What you will do:
Below are some records. Print exactly the lines between the one holding "#52=CARTESIAN_POINT('',(0.,0.,0.));" and the one holding "#79=AXIS2_PLACEMENT_3D('',#76,#77,#78);", inclusive, and nothing else.

Records from a collection:
==============================

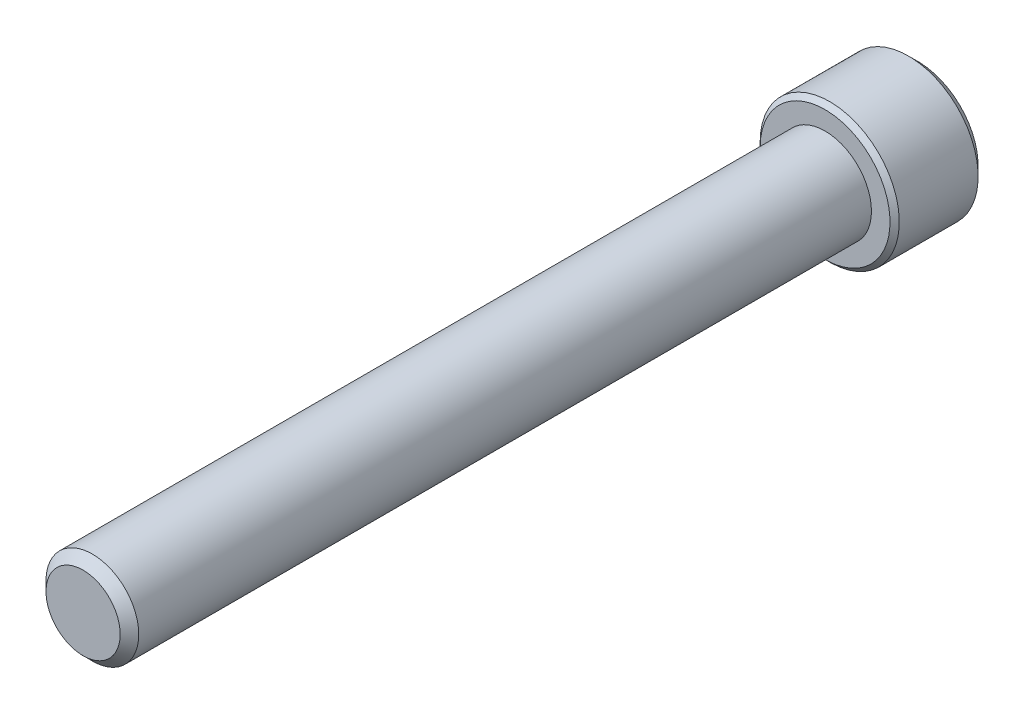
ISO-10303-21;
HEADER;
FILE_DESCRIPTION(('STEP AP214'),'2;1');
FILE_NAME('part.step','',(''),(''),'','','');
FILE_SCHEMA(('AUTOMOTIVE_DESIGN { 1 0 10303 214 1 1 1 1 }'));
ENDSEC;
DATA;
#1=APPLICATION_CONTEXT('core data for automotive mechanical design processes');
#2=APPLICATION_PROTOCOL_DEFINITION('international standard','automotive_design',2000,#1);
#3=PRODUCT_CONTEXT('',#1,'mechanical');
#4=PRODUCT('Part','Part','',(#3));
#5=PRODUCT_RELATED_PRODUCT_CATEGORY('part','',(#4));
#6=PRODUCT_DEFINITION_FORMATION('','',#4);
#7=PRODUCT_DEFINITION_CONTEXT('part definition',#1,'design');
#8=PRODUCT_DEFINITION('design','',#6,#7);
#9=PRODUCT_DEFINITION_SHAPE('','',#8);
#10=(LENGTH_UNIT() NAMED_UNIT(*) SI_UNIT(.MILLI.,.METRE.));
#11=(NAMED_UNIT(*) PLANE_ANGLE_UNIT() SI_UNIT($,.RADIAN.));
#12=(NAMED_UNIT(*) SI_UNIT($,.STERADIAN.) SOLID_ANGLE_UNIT());
#13=UNCERTAINTY_MEASURE_WITH_UNIT(LENGTH_MEASURE(1.E-05),#10,'distance_accuracy_value','');
#14=(GEOMETRIC_REPRESENTATION_CONTEXT(3) GLOBAL_UNCERTAINTY_ASSIGNED_CONTEXT((#13)) GLOBAL_UNIT_ASSIGNED_CONTEXT((#10,
#11,#12)) REPRESENTATION_CONTEXT('',''));
#15=CARTESIAN_POINT('',(0.,0.,0.));
#16=DIRECTION('',(0.,0.,1.));
#17=DIRECTION('',(1.,0.,0.));
#18=AXIS2_PLACEMENT_3D('',#15,#16,#17);
#19=CARTESIAN_POINT('',(0.,0.,-63.5));
#20=DIRECTION('',(0.,0.,1.));
#21=DIRECTION('',(1.,0.,0.));
#22=AXIS2_PLACEMENT_3D('',#19,#20,#21);
#23=CYLINDRICAL_SURFACE('',#22,3.96875);
#24=CARTESIAN_POINT('',(0.,0.,-63.5));
#25=DIRECTION('',(0.,0.,-1.));
#26=DIRECTION('',(-1.,0.,0.));
#27=AXIS2_PLACEMENT_3D('',#24,#25,#26);
#28=CIRCLE('',#27,3.96875);
#29=CARTESIAN_POINT('',(-3.96875,0.,-63.5));
#30=VERTEX_POINT('',#29);
#31=EDGE_CURVE('E210',#30,#30,#28,.F.);
#32=ORIENTED_EDGE('',*,*,#31,.T.);
#33=EDGE_LOOP('',(#32));
#34=FACE_BOUND('',#33,.T.);
#35=CARTESIAN_POINT('',(0.,0.,-0.793749999999996));
#36=DIRECTION('',(0.,0.,1.));
#37=DIRECTION('',(1.,0.,0.));
#38=AXIS2_PLACEMENT_3D('',#35,#36,#37);
#39=CIRCLE('',#38,3.96875);
#40=CARTESIAN_POINT('',(3.96875,0.,-0.793749999999996));
#41=VERTEX_POINT('',#40);
#42=EDGE_CURVE('E109',#41,#41,#39,.F.);
#43=ORIENTED_EDGE('',*,*,#42,.T.);
#44=EDGE_LOOP('',(#43));
#45=FACE_BOUND('',#44,.T.);
#46=ADVANCED_FACE('F35',(#34,#45),#23,.T.);
#47=CARTESIAN_POINT('',(0.,0.,0.));
#48=DIRECTION('',(0.,0.,1.));
#49=DIRECTION('',(1.,0.,0.));
#50=AXIS2_PLACEMENT_3D('',#47,#48,#49);
#51=PLANE('',#50);
#52=CARTESIAN_POINT('',(0.,0.,0.));
#53=DIRECTION('',(0.,0.,1.));
#54=DIRECTION('',(1.,0.,0.));
#55=AXIS2_PLACEMENT_3D('',#52,#53,#54);
#56=CIRCLE('',#55,3.175);
#57=CARTESIAN_POINT('',(3.175,0.,0.));
#58=VERTEX_POINT('',#57);
#59=EDGE_CURVE('E209',#58,#58,#56,.T.);
#60=ORIENTED_EDGE('',*,*,#59,.T.);
#61=EDGE_LOOP('',(#60));
#62=FACE_BOUND('',#61,.T.);
#63=ADVANCED_FACE('F186',(#62),#51,.T.);
#64=CARTESIAN_POINT('',(0.,0.,0.));
#65=DIRECTION('',(0.,0.,-1.));
#66=DIRECTION('',(-1.,0.,0.));
#67=AXIS2_PLACEMENT_3D('',#64,#65,#66);
#68=CONICAL_SURFACE('',#67,3.175,0.785398163397448);
#69=ORIENTED_EDGE('',*,*,#42,.F.);
#70=EDGE_LOOP('',(#69));
#71=FACE_BOUND('',#70,.T.);
#72=ORIENTED_EDGE('',*,*,#59,.F.);
#73=EDGE_LOOP('',(#72));
#74=FACE_BOUND('',#73,.T.);
#75=ADVANCED_FACE('F192',(#71,#74),#68,.T.);
#76=CARTESIAN_POINT('',(0.,0.,-71.4375));
#77=DIRECTION('',(0.,0.,1.));
#78=DIRECTION('',(1.,0.,0.));
#79=AXIS2_PLACEMENT_3D('',#76,#77,#78);
#80=CYLINDRICAL_SURFACE('',#79,5.953125);
#81=CARTESIAN_POINT('',(0.,0.,-63.896875));
#82=DIRECTION('',(0.,0.,-1.));
#83=DIRECTION('',(-1.,0.,0.));
#84=AXIS2_PLACEMENT_3D('',#81,#82,#83);
#85=CIRCLE('',#84,5.953125);
#86=CARTESIAN_POINT('',(-5.953125,0.,-63.896875));
#87=VERTEX_POINT('',#86);
#88=EDGE_CURVE('E43',#87,#87,#85,.T.);
#89=ORIENTED_EDGE('',*,*,#88,.T.);
#90=EDGE_LOOP('',(#89));
#91=FACE_BOUND('',#90,.T.);
#92=CARTESIAN_POINT('',(0.,0.,-70.64375));
#93=DIRECTION('',(0.,0.,-1.));
#94=DIRECTION('',(-1.,0.,0.));
#95=AXIS2_PLACEMENT_3D('',#92,#93,#94);
#96=CIRCLE('',#95,5.953125);
#97=CARTESIAN_POINT('',(-5.953125,0.,-70.64375));
#98=VERTEX_POINT('',#97);
#99=EDGE_CURVE('E169',#98,#98,#96,.F.);
#100=ORIENTED_EDGE('',*,*,#99,.T.);
#101=EDGE_LOOP('',(#100));
#102=FACE_BOUND('',#101,.T.);
#103=ADVANCED_FACE('F174',(#91,#102),#80,.T.);
#104=CARTESIAN_POINT('',(0.,0.,-71.4375));
#105=DIRECTION('',(0.,0.,-1.));
#106=DIRECTION('',(-1.,0.,0.));
#107=AXIS2_PLACEMENT_3D('',#104,#105,#106);
#108=PLANE('',#107);
#109=CARTESIAN_POINT('',(0.,0.,-71.4375));
#110=DIRECTION('',(0.,0.,-1.));
#111=DIRECTION('',(-1.,0.,0.));
#112=AXIS2_PLACEMENT_3D('',#109,#110,#111);
#113=CIRCLE('',#112,5.159375);
#114=CARTESIAN_POINT('',(-5.159375,0.,-71.4375));
#115=VERTEX_POINT('',#114);
#116=EDGE_CURVE('E108',#115,#115,#113,.T.);
#117=ORIENTED_EDGE('',*,*,#116,.T.);
#118=EDGE_LOOP('',(#117));
#119=FACE_BOUND('',#118,.T.);
#120=CARTESIAN_POINT('',(0.,0.,-71.4375));
#121=DIRECTION('',(0.,0.,-1.));
#122=DIRECTION('',(-1.,0.,0.));
#123=AXIS2_PLACEMENT_3D('',#120,#121,#122);
#124=CIRCLE('',#123,3.66617420935412);
#125=CARTESIAN_POINT('',(-3.175,1.83308710467706,-71.4375));
#126=VERTEX_POINT('',#125);
#127=CARTESIAN_POINT('',(0.,3.66617420935412,-71.4375));
#128=VERTEX_POINT('',#127);
#129=EDGE_CURVE('E89',#126,#128,#124,.T.);
#130=ORIENTED_EDGE('',*,*,#129,.F.);
#131=CARTESIAN_POINT('',(-3.175,-1.83308710467706,-71.4375));
#132=VERTEX_POINT('',#131);
#133=EDGE_CURVE('E49',#132,#126,#124,.T.);
#134=ORIENTED_EDGE('',*,*,#133,.F.);
#135=CARTESIAN_POINT('',(0.,-3.66617420935412,-71.4375));
#136=VERTEX_POINT('',#135);
#137=EDGE_CURVE('E265',#136,#132,#124,.T.);
#138=ORIENTED_EDGE('',*,*,#137,.F.);
#139=CARTESIAN_POINT('',(3.175,-1.83308710467706,-71.4375));
#140=VERTEX_POINT('',#139);
#141=EDGE_CURVE('E56',#140,#136,#124,.T.);
#142=ORIENTED_EDGE('',*,*,#141,.F.);
#143=CARTESIAN_POINT('',(3.175,1.83308710467706,-71.4375));
#144=VERTEX_POINT('',#143);
#145=EDGE_CURVE('E130',#144,#140,#124,.T.);
#146=ORIENTED_EDGE('',*,*,#145,.F.);
#147=EDGE_CURVE('E98',#128,#144,#124,.T.);
#148=ORIENTED_EDGE('',*,*,#147,.F.);
#149=EDGE_LOOP('',(#130,#134,#138,#142,#146,#148));
#150=FACE_BOUND('',#149,.T.);
#151=ADVANCED_FACE('F129',(#119,#150),#108,.T.);
#152=CARTESIAN_POINT('',(0.,0.,-63.5));
#153=DIRECTION('',(0.,0.,-1.));
#154=DIRECTION('',(-1.,0.,0.));
#155=AXIS2_PLACEMENT_3D('',#152,#153,#154);
#156=PLANE('',#155);
#157=CARTESIAN_POINT('',(0.,0.,-63.5));
#158=DIRECTION('',(0.,0.,-1.));
#159=DIRECTION('',(-1.,0.,0.));
#160=AXIS2_PLACEMENT_3D('',#157,#158,#159);
#161=CIRCLE('',#160,5.55625);
#162=CARTESIAN_POINT('',(-5.55625,0.,-63.5));
#163=VERTEX_POINT('',#162);
#164=EDGE_CURVE('E11',#163,#163,#161,.F.);
#165=ORIENTED_EDGE('',*,*,#164,.T.);
#166=EDGE_LOOP('',(#165));
#167=FACE_BOUND('',#166,.T.);
#168=ORIENTED_EDGE('',*,*,#31,.F.);
#169=EDGE_LOOP('',(#168));
#170=FACE_BOUND('',#169,.T.);
#171=ADVANCED_FACE('F277',(#167,#170),#156,.F.);
#172=CARTESIAN_POINT('',(0.,0.,-71.4375));
#173=DIRECTION('',(0.,0.,-1.));
#174=DIRECTION('',(-1.,0.,0.));
#175=AXIS2_PLACEMENT_3D('',#172,#173,#174);
#176=CONICAL_SURFACE('',#175,3.66617420935412,0.78539816339745);
#177=ORIENTED_EDGE('',*,*,#147,.T.);
#178=CARTESIAN_POINT('',(-0.000200000000000376,3.66628967940796,-71.4376154755089));
#179=CARTESIAN_POINT('',(0.108938349949823,3.60327862368552,-71.3746589836918));
#180=CARTESIAN_POINT('',(0.21990162807794,3.53921394518809,-71.3154001042347));
#181=CARTESIAN_POINT('',(0.44616784634594,3.40857908316254,-71.2068986557306));
#182=CARTESIAN_POINT('',(0.561492303252257,3.34199647692353,-71.1577164539387));
#183=CARTESIAN_POINT('',(0.79403852248062,3.207735854653,-71.073466458874));
#184=CARTESIAN_POINT('',(0.911201066281143,3.14009202845083,-71.0381869144994));
#185=CARTESIAN_POINT('',(1.14810544464627,3.00331522182952,-70.9838315701348));
#186=CARTESIAN_POINT('',(1.26784004264354,2.93418641944449,-70.9647151975296));
#187=CARTESIAN_POINT('',(1.47419791875157,2.81504564412412,-70.9474671306233));
#188=CARTESIAN_POINT('',(1.56055470772915,2.76518752876156,-70.9449139336138));
#189=CARTESIAN_POINT('',(1.73312781652471,2.66555239794356,-70.9492162731233));
#190=CARTESIAN_POINT('',(1.81934407649279,2.61577541704246,-70.9560751080215));
#191=CARTESIAN_POINT('',(1.99095979158712,2.51669303773558,-70.9788098833037));
#192=CARTESIAN_POINT('',(2.07635822425326,2.46738822964741,-70.9946959096873));
#193=CARTESIAN_POINT('',(2.24568840330546,2.36962540518969,-71.034617983998));
#194=CARTESIAN_POINT('',(2.32962026161974,2.32116732419836,-71.0586534070852));
#195=CARTESIAN_POINT('',(2.47862357928411,2.23514021863469,-71.1081052344172));
#196=CARTESIAN_POINT('',(2.54402485119173,2.19738077669348,-71.132221719301));
#197=CARTESIAN_POINT('',(2.6736532502051,2.12253978562849,-71.1843414671371));
#198=CARTESIAN_POINT('',(2.73788034144172,2.08545825721376,-71.2123448486035));
#199=CARTESIAN_POINT('',(2.8649580345126,2.01208991691129,-71.2716105655445));
#200=CARTESIAN_POINT('',(2.92781225074872,1.97580101824767,-71.3028626533542));
#201=CARTESIAN_POINT('',(3.05235662084809,1.90389529264474,-71.3682153443919));
#202=CARTESIAN_POINT('',(3.11404746097871,1.8682780694888,-71.4023141995185));
#203=CARTESIAN_POINT('',(3.1752,1.83297163462322,-71.4376154755089));
#204=B_SPLINE_CURVE_WITH_KNOTS('',3,(#178,#179,#180,#181,#182,#183,#184,#185,#186,#187,#188,
#189,#190,#191,#192,#193,#194,#195,#196,#197,#198,#199,#200,#201,#202,#203),.UNSPECIFIED.,.F.,
.F.,(4,2,2,2,2,2,2,2,2,2,2,2,4),(0.,0.4229105724368,0.848285055427804,1.26690402276126,
1.68446903107505,1.98329272958351,2.28222117546889,2.58148426995465,2.88072442418451,
3.11844134429545,3.35616551414404,3.59316134346766,3.8300126974443),.UNSPECIFIED.);
#205=EDGE_CURVE('E103',#128,#144,#204,.T.);
#206=ORIENTED_EDGE('',*,*,#205,.F.);
#207=EDGE_LOOP('',(#177,#206));
#208=FACE_BOUND('',#207,.T.);
#209=ADVANCED_FACE('F104',(#208),#176,.F.);
#210=ORIENTED_EDGE('',*,*,#145,.T.);
#211=CARTESIAN_POINT('',(3.175,-3.70444383584785,-72.6502118451619));
#212=CARTESIAN_POINT('',(3.175,-3.61446006856654,-72.5819043948676));
#213=CARTESIAN_POINT('',(3.175,-3.52397795214463,-72.5142428612445));
#214=CARTESIAN_POINT('',(3.175,-3.34181836123848,-72.3805025492024));
#215=CARTESIAN_POINT('',(3.175,-3.250140597284,-72.3144241654826));
#216=CARTESIAN_POINT('',(3.175,-3.06472035593929,-72.1836709408018));
#217=CARTESIAN_POINT('',(3.175,-2.97096738900307,-72.1190109250879));
#218=CARTESIAN_POINT('',(3.175,-2.78187869931256,-71.9920558022517));
#219=CARTESIAN_POINT('',(3.175,-2.68654308817008,-71.929760529372));
#220=CARTESIAN_POINT('',(3.175,-2.48836016870252,-71.8044784446062));
#221=CARTESIAN_POINT('',(3.175,-2.38540128536647,-71.7416672392123));
#222=CARTESIAN_POINT('',(3.175,-2.17707529026742,-71.6201078544743));
#223=CARTESIAN_POINT('',(3.175,-2.07170779370642,-71.561360330462));
#224=CARTESIAN_POINT('',(3.175,-1.85856318748113,-71.4491912176541));
#225=CARTESIAN_POINT('',(3.175,-1.75079438294671,-71.3957539709329));
#226=CARTESIAN_POINT('',(3.175,-1.53228582600747,-71.2954020450525));
#227=CARTESIAN_POINT('',(3.175,-1.4215474633634,-71.2484843761431));
#228=CARTESIAN_POINT('',(3.175,-1.20656057350992,-71.166530034464));
#229=CARTESIAN_POINT('',(3.175,-1.10257181507286,-71.1308189415949));
#230=CARTESIAN_POINT('',(3.175,-0.892048260878873,-71.0677329725217));
#231=CARTESIAN_POINT('',(3.175,-0.785513294311067,-71.0403586572879));
#232=CARTESIAN_POINT('',(3.175,-0.572329012717395,-70.9958460023287));
#233=CARTESIAN_POINT('',(3.175,-0.465717564636556,-70.9785292889145));
#234=CARTESIAN_POINT('',(3.175,-0.251301383583118,-70.9544756602937));
#235=CARTESIAN_POINT('',(3.175,-0.143496870917766,-70.9477368235873));
#236=CARTESIAN_POINT('',(3.175,0.0681069951827619,-70.9453609564692));
#237=CARTESIAN_POINT('',(3.175,0.17190181363865,-70.9493091223896));
#238=CARTESIAN_POINT('',(3.175,0.378625872879034,-70.9671624071181));
#239=CARTESIAN_POINT('',(3.175,0.481555030095566,-70.9810684763143));
#240=CARTESIAN_POINT('',(3.175,0.687543944903112,-71.0183074222191));
#241=CARTESIAN_POINT('',(3.175,0.790573911747977,-71.0418024293294));
#242=CARTESIAN_POINT('',(3.175,0.994382635323689,-71.0969517792585));
#243=CARTESIAN_POINT('',(3.175,1.09516156281328,-71.1286055008759));
#244=CARTESIAN_POINT('',(3.175,1.30251417649916,-71.2016294931737));
#245=CARTESIAN_POINT('',(3.175,1.40887912364162,-71.2435863005657));
#246=CARTESIAN_POINT('',(3.175,1.61884111284847,-71.3339490627203));
#247=CARTESIAN_POINT('',(3.175,1.72243722600422,-71.3823571499939));
#248=CARTESIAN_POINT('',(3.175,1.92738358083042,-71.4844798355874));
#249=CARTESIAN_POINT('',(3.175,2.02872533588121,-71.538211328075));
#250=CARTESIAN_POINT('',(3.175,2.22907994672306,-71.6497921629552));
#251=CARTESIAN_POINT('',(3.175,2.32809316592037,-71.7076408570403));
#252=CARTESIAN_POINT('',(3.175,2.51923503723042,-71.8236949409625));
#253=CARTESIAN_POINT('',(3.175,2.61146147877823,-71.8817401210939));
#254=CARTESIAN_POINT('',(3.175,2.79433061473592,-72.000281230002));
#255=CARTESIAN_POINT('',(3.175,2.88497318880336,-72.060777343852));
#256=CARTESIAN_POINT('',(3.175,3.06414875022217,-72.1832851399095));
#257=CARTESIAN_POINT('',(3.175,3.15269287411231,-72.2452805926272));
#258=CARTESIAN_POINT('',(3.175,3.32856950185137,-72.3709183631728));
#259=CARTESIAN_POINT('',(3.175,3.41590233249718,-72.4345602229942));
#260=CARTESIAN_POINT('',(3.175,3.50272764399219,-72.4988754675913));
#261=B_SPLINE_CURVE_WITH_KNOTS('',3,(#211,#212,#213,#214,#215,#216,#217,#218,#219,#220,#221,
#222,#223,#224,#225,#226,#227,#228,#229,#230,#231,#232,#233,#234,#235,#236,#237,#238,#239,#240,
#241,#242,#243,#244,#245,#246,#247,#248,#249,#250,#251,#252,#253,#254,#255,#256,#257,#258,#259,
#260),.UNSPECIFIED.,.F.,.F.,(4,2,2,2,2,2,2,2,2,2,2,2,2,2,2,2,2,2,2,2,2,2,2,2,4),(0.,
0.33892672291792,0.677937083279504,1.01957183491539,1.36118259515686,1.72292567400707,
2.08472695420016,2.44542763005297,2.8059623458982,3.13552343983682,3.46510670458908,
3.78865064563719,4.11213580725538,4.42324708341663,4.73438805617944,5.05102342839298,
5.36763469922675,5.71039210015347,6.05326308403165,6.39725934486604,6.74120155829905,
7.06807292474689,7.39496901986436,7.71921932182543,8.04338037199421),.UNSPECIFIED.);
#262=EDGE_CURVE('E97',#144,#140,#261,.F.);
#263=ORIENTED_EDGE('',*,*,#262,.F.);
#264=EDGE_LOOP('',(#210,#263));
#265=FACE_BOUND('',#264,.T.);
#266=ADVANCED_FACE('F271',(#265),#176,.F.);
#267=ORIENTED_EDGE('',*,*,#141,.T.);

==============================

Answer to the problem:
#52=CARTESIAN_POINT('',(0.,0.,0.));
#53=DIRECTION('',(0.,0.,1.));
#54=DIRECTION('',(1.,0.,0.));
#55=AXIS2_PLACEMENT_3D('',#52,#53,#54);
#56=CIRCLE('',#55,3.175);
#57=CARTESIAN_POINT('',(3.175,0.,0.));
#58=VERTEX_POINT('',#57);
#59=EDGE_CURVE('E209',#58,#58,#56,.T.);
#60=ORIENTED_EDGE('',*,*,#59,.T.);
#61=EDGE_LOOP('',(#60));
#62=FACE_BOUND('',#61,.T.);
#63=ADVANCED_FACE('F186',(#62),#51,.T.);
#64=CARTESIAN_POINT('',(0.,0.,0.));
#65=DIRECTION('',(0.,0.,-1.));
#66=DIRECTION('',(-1.,0.,0.));
#67=AXIS2_PLACEMENT_3D('',#64,#65,#66);
#68=CONICAL_SURFACE('',#67,3.175,0.785398163397448);
#69=ORIENTED_EDGE('',*,*,#42,.F.);
#70=EDGE_LOOP('',(#69));
#71=FACE_BOUND('',#70,.T.);
#72=ORIENTED_EDGE('',*,*,#59,.F.);
#73=EDGE_LOOP('',(#72));
#74=FACE_BOUND('',#73,.T.);
#75=ADVANCED_FACE('F192',(#71,#74),#68,.T.);
#76=CARTESIAN_POINT('',(0.,0.,-71.4375));
#77=DIRECTION('',(0.,0.,1.));
#78=DIRECTION('',(1.,0.,0.));
#79=AXIS2_PLACEMENT_3D('',#76,#77,#78);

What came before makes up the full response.